Lossless and Efficient Polynomial-Based Secret Image Sharing with Reduced Shadow Size

Thien-and-Lin's polynomial-based secret image sharing (PSIS) is utilized as the basic method to achieve PSISs with better performances, such as meaningful shares, two-in-one property and shares with different priorities. However, this (k,n) threshold PSIS cannot achieve lossless recovery for pixel values more than 250. Furthermore, current solutions to lossless recovery for PSIS have several natural drawbacks, such as large computational costs and random pixel expansion. In this paper, a lossless and efficient (k,n) threshold PSIS scheme with reduced shadow size is presented.
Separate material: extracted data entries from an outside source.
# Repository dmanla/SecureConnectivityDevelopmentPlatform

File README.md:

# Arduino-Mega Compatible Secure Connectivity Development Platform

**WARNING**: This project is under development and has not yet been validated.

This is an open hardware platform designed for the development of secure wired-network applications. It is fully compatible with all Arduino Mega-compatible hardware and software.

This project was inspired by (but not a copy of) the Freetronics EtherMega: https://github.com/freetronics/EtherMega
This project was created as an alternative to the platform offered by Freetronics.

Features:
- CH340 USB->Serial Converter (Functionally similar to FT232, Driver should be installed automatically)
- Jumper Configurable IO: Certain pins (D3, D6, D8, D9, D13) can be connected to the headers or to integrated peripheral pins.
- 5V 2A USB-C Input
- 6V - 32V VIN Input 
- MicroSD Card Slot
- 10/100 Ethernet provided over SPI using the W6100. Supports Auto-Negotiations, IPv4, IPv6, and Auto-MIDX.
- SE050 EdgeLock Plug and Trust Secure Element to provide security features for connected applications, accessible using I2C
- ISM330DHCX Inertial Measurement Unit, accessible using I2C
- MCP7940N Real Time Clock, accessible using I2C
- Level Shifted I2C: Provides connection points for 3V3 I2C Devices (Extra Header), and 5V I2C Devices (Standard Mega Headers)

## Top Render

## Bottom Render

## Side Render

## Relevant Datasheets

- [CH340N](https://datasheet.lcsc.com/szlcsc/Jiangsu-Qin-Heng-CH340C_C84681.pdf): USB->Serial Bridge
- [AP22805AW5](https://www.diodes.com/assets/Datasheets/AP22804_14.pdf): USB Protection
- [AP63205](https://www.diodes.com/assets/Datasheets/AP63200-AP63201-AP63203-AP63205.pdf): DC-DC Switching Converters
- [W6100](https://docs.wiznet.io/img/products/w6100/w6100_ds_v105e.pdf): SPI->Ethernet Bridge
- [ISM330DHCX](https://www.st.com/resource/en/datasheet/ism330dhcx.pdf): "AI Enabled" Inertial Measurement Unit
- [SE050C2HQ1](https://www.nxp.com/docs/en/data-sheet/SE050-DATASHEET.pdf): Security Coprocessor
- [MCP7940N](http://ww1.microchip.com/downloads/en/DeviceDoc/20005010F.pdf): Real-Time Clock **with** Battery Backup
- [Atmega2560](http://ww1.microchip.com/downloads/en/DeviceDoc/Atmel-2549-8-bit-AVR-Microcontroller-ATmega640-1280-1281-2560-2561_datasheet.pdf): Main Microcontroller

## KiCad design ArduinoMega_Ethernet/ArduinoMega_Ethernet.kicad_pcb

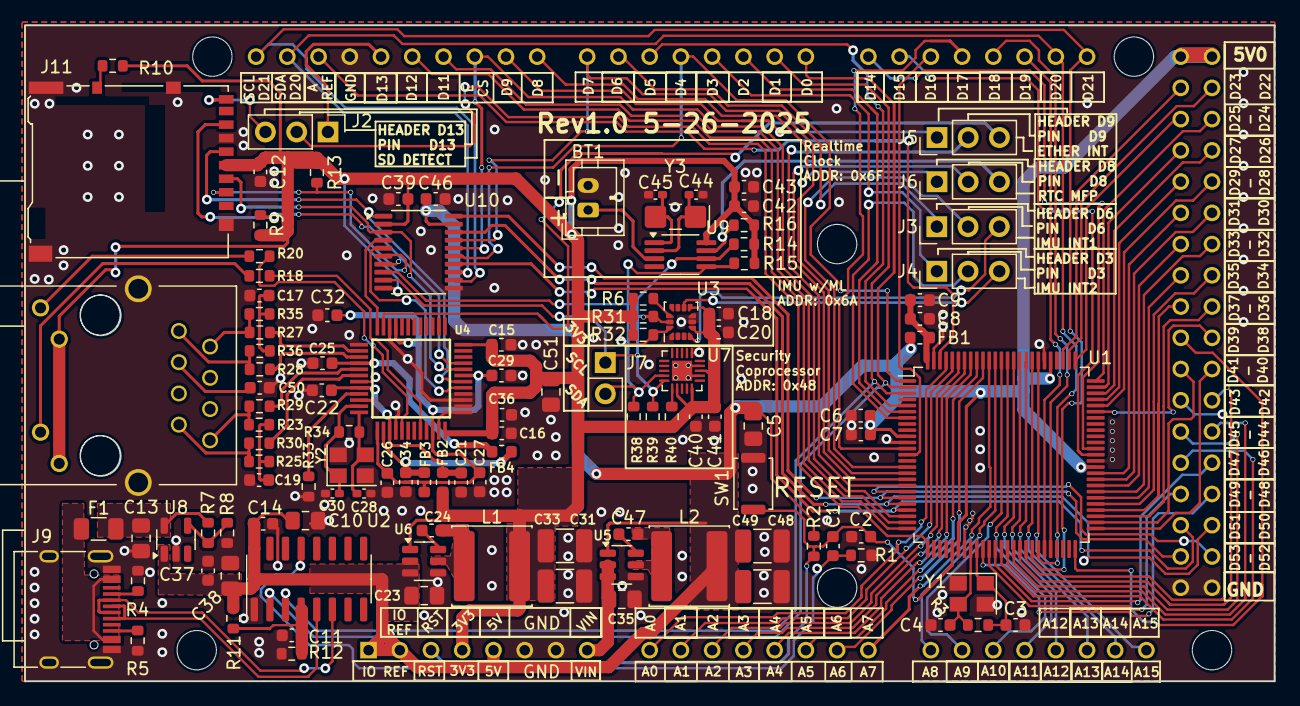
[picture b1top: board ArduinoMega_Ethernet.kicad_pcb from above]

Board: 2 copper layers, 101.6 x 53.3 mm, 116 parts (0 on the bottom side), 138 nets.

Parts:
A1: A000067; ARDUINO_A000067
BT1: Battery_Cell; JST_PH_B2B-PH-K_1x02_P2.00mm_Vertical
C1, C7, C8, C9, C11, C12, C14, C15, C16, C17, C18, C19, C21, C22, C24, C25, C26, C27, C29, C32, C37, C40, C42, C47, C50: 100nF; C_0603_1608Metric
C2, C3, C4: 22pF; C_0603_1608Metric
C5, C13, C23, C35, C38, C51: 10uF; C_0805_2012Metric_Pad1.18x1.45mm_HandSolder
C6, C20, C34, C36, C39, C41, C43, C46: 1uF; C_0603_1608Metric
C10: 4.7uF; C_0805_2012Metric_Pad1.18x1.45mm_HandSolder
C28, C30: 18pF; C_0402_1005Metric_Pad0.74x0.62mm_HandSolder
C31, C33, C48, C49: 22uF; C_1210_3225Metric_Pad1.33x2.70mm_HandSolder
C44, C45: 12pF; C_0402_1005Metric_Pad0.74x0.62mm_HandSolder
F1: Fuse; Fuse_1206_3216Metric
FB1, FB2, FB3, FB4: FerriteBead_Small; L_0603_1608Metric
J1: RB1-125BAG1A; WIZNET_RB1-125BAG1A
J2: SD_DET_JUMP; PinHeader_1x03_P2.54mm_Vertical
J3: IMU_INT1_JUMP; PinHeader_1x03_P2.54mm_Vertical
J4: IMU_INT2_JUMP; PinHeader_1x03_P2.54mm_Vertical
J5: ETHER_INT_JUMP; PinHeader_1x03_P2.54mm_Vertical
J6: RTC_MFP_JUMP; PinHeader_1x03_P2.54mm_Vertical
J7: EXT_3V3_I2C; PinHeader_1x02_P2.54mm_Vertical
J9: PROGRAM_POWER_USBC; USB_C_Receptacle_HRO_TYPE-C-31-M-12
J11: Micro_SD_Card_Det_Hirose_DM3AT; microSD_HC_Hirose_DM3AT-SF-PEJM5
L1: 3.9uH; L_APV_ANR6028
L2: 4.7uH; L_APV_ANR6028
R1, R2, R6, R9, R10, R13: 10k; R_0603_1608Metric
R3, R34: 1M; R_0603_1608Metric
R4, R5, R7: 5.1k; R_0603_1608Metric
R8: DNP; R_0603_1608Metric
R11: 22.1k; R_0603_1608Metric
R12: 47.5k; R_0603_1608Metric
R14, R15, R16, R31, R32, R38, R39, R40: 4.7k; R_0603_1608Metric
R18, R20: 470R; R_0603_1608Metric
R23, R25, R35, R36: 49.9R; R_0603_1608Metric
R27, R28, R29, R30: 3.3R; R_0603_1608Metric
R33: 12.3k; R_0603_1608Metric
SW1: SW_Push; SW_Push_SPST_NO_Alps_SKRK
U1: ATmega2560-16A; TQFP-100_14x14mm_P0.5mm
U2: CH340C; SOIC-16_3.9x9.9mm_P1.27mm
U3: ISM330DHCX; LGA-14_3x2.5mm_P0.5mm_LayoutBorder3x4y
U4: W6100L; QFP50P900X900X160-48N
U5: AP63205WU; TSOT-23-6
U6: AP63203WU; TSOT-23-6
U7: SE050C2HQ1; QFN-20-1EP_3x3mm_P0.4mm_EP1.65x1.65mm
U8: AP22804AW5; SOT-23-5
U9: MCP7940N-xST; MSOP-8_3x3mm_P0.65mm
U10: TXS0108EPW; TSSOP-20_4.4x6.5mm_P0.65mm
Y1: 16Mhz; Crystal_SMD_3225-4Pin_3.2x2.5mm
Y2: 25Mhz; Crystal_SMD_3225-4Pin_3.2x2.5mm
Y3: 32.768kHz; Crystal_SMD_EuroQuartz_EQ161-2Pin_3.2x1.5mm_HandSoldering

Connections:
+3.3VA: C50.1, J1.R3 (CT)
+3V3: A1.3V3 (+3V3), C12.2, C15.1, C16.1, C18.2, C20.2, C31.1, C33.1, C36.1, C39.2, C40.1, C41.1, C42.1, C43.1, C51.1, FB2.2, J1.L1, J1.L3, J11.4 (VDD), L1.2, R6.1, R9.1, R10.1, R13.1, R14.1, R15.1, R16.1, R31.1, R32.1, R38.1, R39.1, R40.1, U3.5 (VDD_IO), U3.8 (VDD), U4.24 (3V3D_1), U4.36 (3V3D_2), U6.1 (FB), U7.12 (VIN), U7.15 (VOUT), U7.18 (VCC), U9.8 (VCC), U10.2 (VCCA), U10.10 (OE)
+5V: A1.5V_1 (+5V_1), A1.5V_2 (+5V_2), A1.5V_3 (+5V_3), A1.IOREF, A1.NC, C5.2, C6.1, C7.1, C10.2, C14.2, C23.1, C37.2, C38.2, C46.2, C48.1, C49.1, FB1.1, L2.2, R2.1, R11.2, U1.10 (VCC), U1.31 (VCC), U1.61 (VCC), U1.80 (VCC), U2.16 (VCC), U5.1 (FB), U6.2 (EN), U6.3 (IN), U8.1 (OUT), U10.19 (VCCB)
/ETHER_CS: A1.10, U1.23 (PB4), U10.16 (B4)
/ETHER_~INT: J5.3, U4.47 (INTN)
/ETHER_~RST: A1.7, U1.16 (PH4), U10.17 (B3)
/HEAD_D3: A1.3, J4.1
/HEAD_D6: A1.6, J3.1
/HEAD_D8: A1.8, J6.1
/HEAD_D9: A1.9, J5.1
/HEAD_D13: A1.13, J2.1
/IMU_INT1: J3.3, U3.4 (INT1)
/IMU_INT2: J4.3, U3.9 (INT2)
/MCU_AREF_IN: A1.AREF, U1.98 (AREF)
/MCU_RESET: A1.RESET, C1.2, C2.2, R2.2, SW1.2, U1.30 (~RESET)
/PIN_A0: A1.AD0, U1.97 (PF0)
/PIN_A1: A1.AD1, U1.96 (PF1)
/PIN_A2: A1.AD2, U1.95 (PF2)
/PIN_A3: A1.AD3, U1.94 (PF3)
/PIN_A4: A1.AD4, U1.93 (PF4)
/PIN_A5: A1.AD5, U1.92 (PF5)
/PIN_A6: A1.AD6, U1.91 (PF6)
/PIN_A7: A1.AD7, U1.90 (PF7)
/PIN_A8: A1.AD8, U1.89 (PK0)
/PIN_A9: A1.AD9, U1.88 (PK1)
/PIN_A10: A1.AD10, U1.87 (PK2)
/PIN_A11: A1.AD11, U1.86 (PK3)
/PIN_A12: A1.AD12, U1.85 (PK4)
/PIN_A13: A1.AD13, U1.84 (PK5)
/PIN_A14: A1.AD14, U1.83 (PK6)
/PIN_A15: A1.AD15, U1.82 (PK7)
/PIN_D0: A1.0, U1.2 (PE0), U2.2 (TXD)
/PIN_D1: A1.1, U1.3 (PE1), U2.3 (RXD)
/PIN_D2: A1.2, U1.6 (PE4)
/PIN_D3: J4.2, U1.7 (PE5)
/PIN_D4/CS2: A1.4, U1.1 (PG5), U10.15 (B5)
/PIN_D5: A1.5, U1.5 (PE3)
/PIN_D6: J3.2, U1.15 (PH3)
/PIN_D8: J6.2, U1.17 (PH5)
/PIN_D9: J5.2, U1.18 (PH6)
/PIN_D11: A1.11, U1.24 (PB5)
/PIN_D12: A1.12, U1.25 (PB6)
/PIN_D13: J2.2, U1.26 (PB7)
/PIN_D14: A1.14, U1.64 (PJ1)
/PIN_D15: A1.15, U1.63 (PJ0)
/PIN_D16: A1.16, U1.13 (PH1)
/PIN_D17: A1.17, U1.12 (PH0)
/PIN_D18: A1.18, U1.46 (PD3)
/PIN_D19: A1.19, U1.45 (PD2)
/PIN_D20: A1.20, A1.SDA, U1.44 (PD1), U10.13 (B7)
/PIN_D21: A1.21, A1.SCL, U1.43 (PD0), U10.12 (B8)
/PIN_D22: A1.22, U1.78 (PA0)
/PIN_D23: A1.23, U1.77 (PA1)
/PIN_D24: A1.24, U1.76 (PA2)
/PIN_D25: A1.25, U1.75 (PA3)
/PIN_D26: A1.26, U1.74 (PA4)
/PIN_D27: A1.27, U1.73 (PA5)
/PIN_D28: A1.28, U1.72 (PA6)
/PIN_D29: A1.29, U1.71 (PA7)
/PIN_D30: A1.30, U1.60 (PC7)
/PIN_D31: A1.31, U1.59 (PC6)
/PIN_D32: A1.32, U1.58 (PC5)
/PIN_D33: A1.33, U1.57 (PC4)
/PIN_D34: A1.34, U1.56 (PC3)
/PIN_D35: A1.35, U1.55 (PC2)
/PIN_D36: A1.36, U1.54 (PC1)
/PIN_D37: A1.37, U1.53 (PC0)
/PIN_D38: A1.38, U1.50 (PD7)
/PIN_D39: A1.39, U1.70 (PG2)
/PIN_D40: A1.40, U1.52 (PG1)
/PIN_D41: A1.41, U1.51 (PG0)
/PIN_D42: A1.42, U1.42 (PL7)
/PIN_D43: A1.43, U1.41 (PL6)
/PIN_D44: A1.44, U1.40 (PL5)
/PIN_D45: A1.45, U1.39 (PL4)
/PIN_D46: A1.46, U1.38 (PL3)
/PIN_D47: A1.47, U1.37 (PL2)
/PIN_D48: A1.48, U1.36 (PL1)
/PIN_D49: A1.49, U1.35 (PL0)
/PIN_D50: A1.50, U1.22 (PB3), U10.14 (B6)
/PIN_D51: A1.51, U1.21 (PB2), U10.18 (B2)
/PIN_D52: A1.52, U1.20 (PB1), U10.20 (B1)
/PIN_D53: A1.53, U1.19 (PB0)
/PWRandPRG/1V2_ANA: C25.1, FB4.1, U4.4 (1V2A)
/PWRandPRG/1V2_DIG: C26.1, C27.1, C29.1, C32.1, FB3.1, U4.13 (1V2D_1), U4.22 (1V2D_2), U4.31 (1V2D_3), U4.45 (1V2D_4)
/PWRandPRG/1V2_OUT: C34.1, FB3.2, FB4.2, U4.14 (1V2O)
/PWRandPRG/3V3_ANA: C21.1, C22.1, FB2.1, U4.8 (3V3A_1), U4.15 (3V3A_2)
/PWRandPRG/ACT_LED: R18.1, U4.20 (ACTN)
/PWRandPRG/ETHERNET_CS: U4.29 (CSN), U10.5 (A4)
/PWRandPRG/ETHERNET_MISO: J11.7 (DAT0), R9.2, U4.33 (MISO), U10.7 (A6)
/PWRandPRG/ETHERNET_MOSI: J11.3 (CMD), U4.32 (MOSI), U10.3 (A2)
/PWRandPRG/ETHERNET_SCLK: J11.5 (CLK), U4.30 (SCLK), U10.1 (A1)
/PWRandPRG/ETHERNET_~RST: U4.48 (RSTN), U10.4 (A3)
/PWRandPRG/IMU_SCL: J7.1, R14.2, R31.2, R39.2, U3.13 (SCL), U7.10 (SCL), U9.6 (SCL), U10.9 (A8)
/PWRandPRG/IMU_SDA: J7.2, R15.2, R32.2, R38.2, U3.14 (SDA), U7.9 (SDA), U9.5 (SDA), U10.8 (A7)
/PWRandPRG/LINK_LED: R20.1, U4.17 (LNKN)
/PWRandPRG/PROGRAM_~DTR: C1.1, R1.1, U2.13 (~DTR)
/PWRandPRG/SDCARD_CS: J11.2 (DAT3/CD), R13.2, U10.6 (A5)
/PWRandPRG/SECURITY_ENA: R40.2, U7.11 (ENA)
/PWRandPRG/USBC_CC1: J9.A5 (CC1), R4.2
/PWRandPRG/USBC_CC2: J9.B5 (CC2), R5.2
/PWRandPRG/USBC_D+: J9.A6 (D+), J9.B6 (D+), U2.5 (UD+)
/PWRandPRG/USBC_D-: J9.A7 (D-), J9.B7 (D-), U2.6 (UD-)
/PWRandPRG/USBC_VBUS: C13.2, F1.1, R7.1, U8.5 (IN)
/RTC_MFP: J6.3, R16.2, U9.7 (MFP)
/SD_DET: J2.3, J11.9 (DET_B)
GND: A1.GND1, A1.GND2, A1.GND3, A1.GND4, A1.GND5, BT1.2 (-), C2.1, C3.1, C4.1, C5.1, C6.2, C7.2, C8.2, C9.2, C10.1, C11.1, C12.1, C13.1, C14.1, C15.2, C16.2, C17.2, C18.1, C19.2, C20.1, C21.2, C22.2, C23.2, C25.2, C26.2, C27.2, C28.1, C29.2, C30.1, C31.2, C32.2, C33.2, C34.2, C35.2, C36.2, C37.1, C38.1, C39.1, C40.2, C41.2, C42.2, C43.2, C44.1, C45.1, C46.1, C48.2, C49.2, C50.2, C51.2, J1.S1 (Shield), J1.S2 (Shield), J9.A1 (GND), J9.A12 (GND), J9.B1 (GND), J9.B12 (GND), J9.S1 (SHIELD), J11.6 (VSS), J11.11 (SHIELD), R1.2, R4.1, R5.1, R8.2, R12.1, R33.2, SW1.1, U1.11 (GND), U1.32 (GND), U1.62 (GND), U1.81 (GND), U1.99 (GND), U2.1 (GND), U3.1 (SDO/SA0), U3.6 (GND), U3.7 (GND), U4.1 (GNDA_1), U4.7 (GNDA_2), U4.10 (GND_1), U4.16 (GNDA_3), U4.23 (GND_2), U4.25 (MOD0), U4.26 (MOD1), U4.27 (MOD2), U4.28 (MOD3), U4.46 (GND_3), U5.4 (GND), U6.4 (GND), U7.1 (ISO14443), U7.17 (ISO14443_LA), U7.19 (VSS), U7.21 (EPAD), U8.2 (GND), U9.4 (VSS), U10.11 (GND), Y1.2, Y1.4, Y2.2, Y2.4
unnamed: BT1.1 (+), U9.3 (VBAT)
unnamed: C17.1, R35.2, R36.2
unnamed: C19.1, R23.2, R25.2
unnamed: F1.2, J9.A4 (VBUS), J9.A9 (VBUS), J9.B4 (VBUS), J9.B9 (VBUS)
unnamed: R33.1, U4.9 (RSET_BG)
unnamed: R29.1, U4.5 (RXIN)
unnamed: R30.1, U4.6 (RXIP)
unnamed: R27.1, U4.2 (TXON)
unnamed: R28.1, U4.3 (TXOP)
unnamed: C28.2, R34.2, U4.12 (XSCI), Y2.3
unnamed: C30.2, R34.1, U4.11 (XSCO), Y2.1
unnamed: J1.L2, R18.2
unnamed: J1.L4, R20.2
unnamed: J1.R7 (RD+), R25.1, R30.2
unnamed: J1.R8 (RD-), R23.1, R29.2
unnamed: J1.R1 (TD+), R28.2, R36.1
unnamed: J1.R2 (TD-), R27.2, R35.1
unnamed: J11.10 (DET_A), R10.2
unnamed: C8.1, C9.1, FB1.2, U1.100 (AVCC)
unnamed: C3.2, R3.1, U1.34 (XTAL1), Y1.1
unnamed: C4.2, R3.2, U1.33 (XTAL2), Y1.3
unnamed: C11.2, R11.1, R12.2, U2.4 (V3)
unnamed: R6.2, U3.12 (CS)
unnamed: C47.2, U5.6 (BST)
unnamed: C47.1, L2.1, U5.5 (SW)
unnamed: C24.2, U6.6 (BST)
unnamed: C24.1, L1.1, U6.5 (SW)
unnamed: R7.2, R8.1, U8.4 (EN)
unnamed: C45.2, U9.1 (X1), Y3.2
unnamed: C44.2, U9.2 (X2), Y3.1
VIN+: A1.VIN, C35.1, U5.2 (EN), U5.3 (IN)

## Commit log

2025-05-26 dual stack IP
2025-05-26 w6100 notes
2025-05-26 w6100 manufacturing and project files
2025-05-27 bom and component sizing
2025-05-27 w6100 datasheet

For lossless recovery and efficiency, two adjacent pixels are specified as a secret value, the prime in the sharing polynomial is replaced with 65,537, and then the additional screening operation can ensure each shared value in the range [0,65,535]. To reduce shadows size and improve security, only the first k - 1 coefficients are embedded with secret values and the last coefficient is assigned randomly. To prevent the leakage of secrets, generalized Arnold permutation with special key generating strategy is performed on the secret image prior to sharing process without key distribution. Both theoretical analyses and experiments are conducted to demonstrate the effectiveness of the proposed scheme.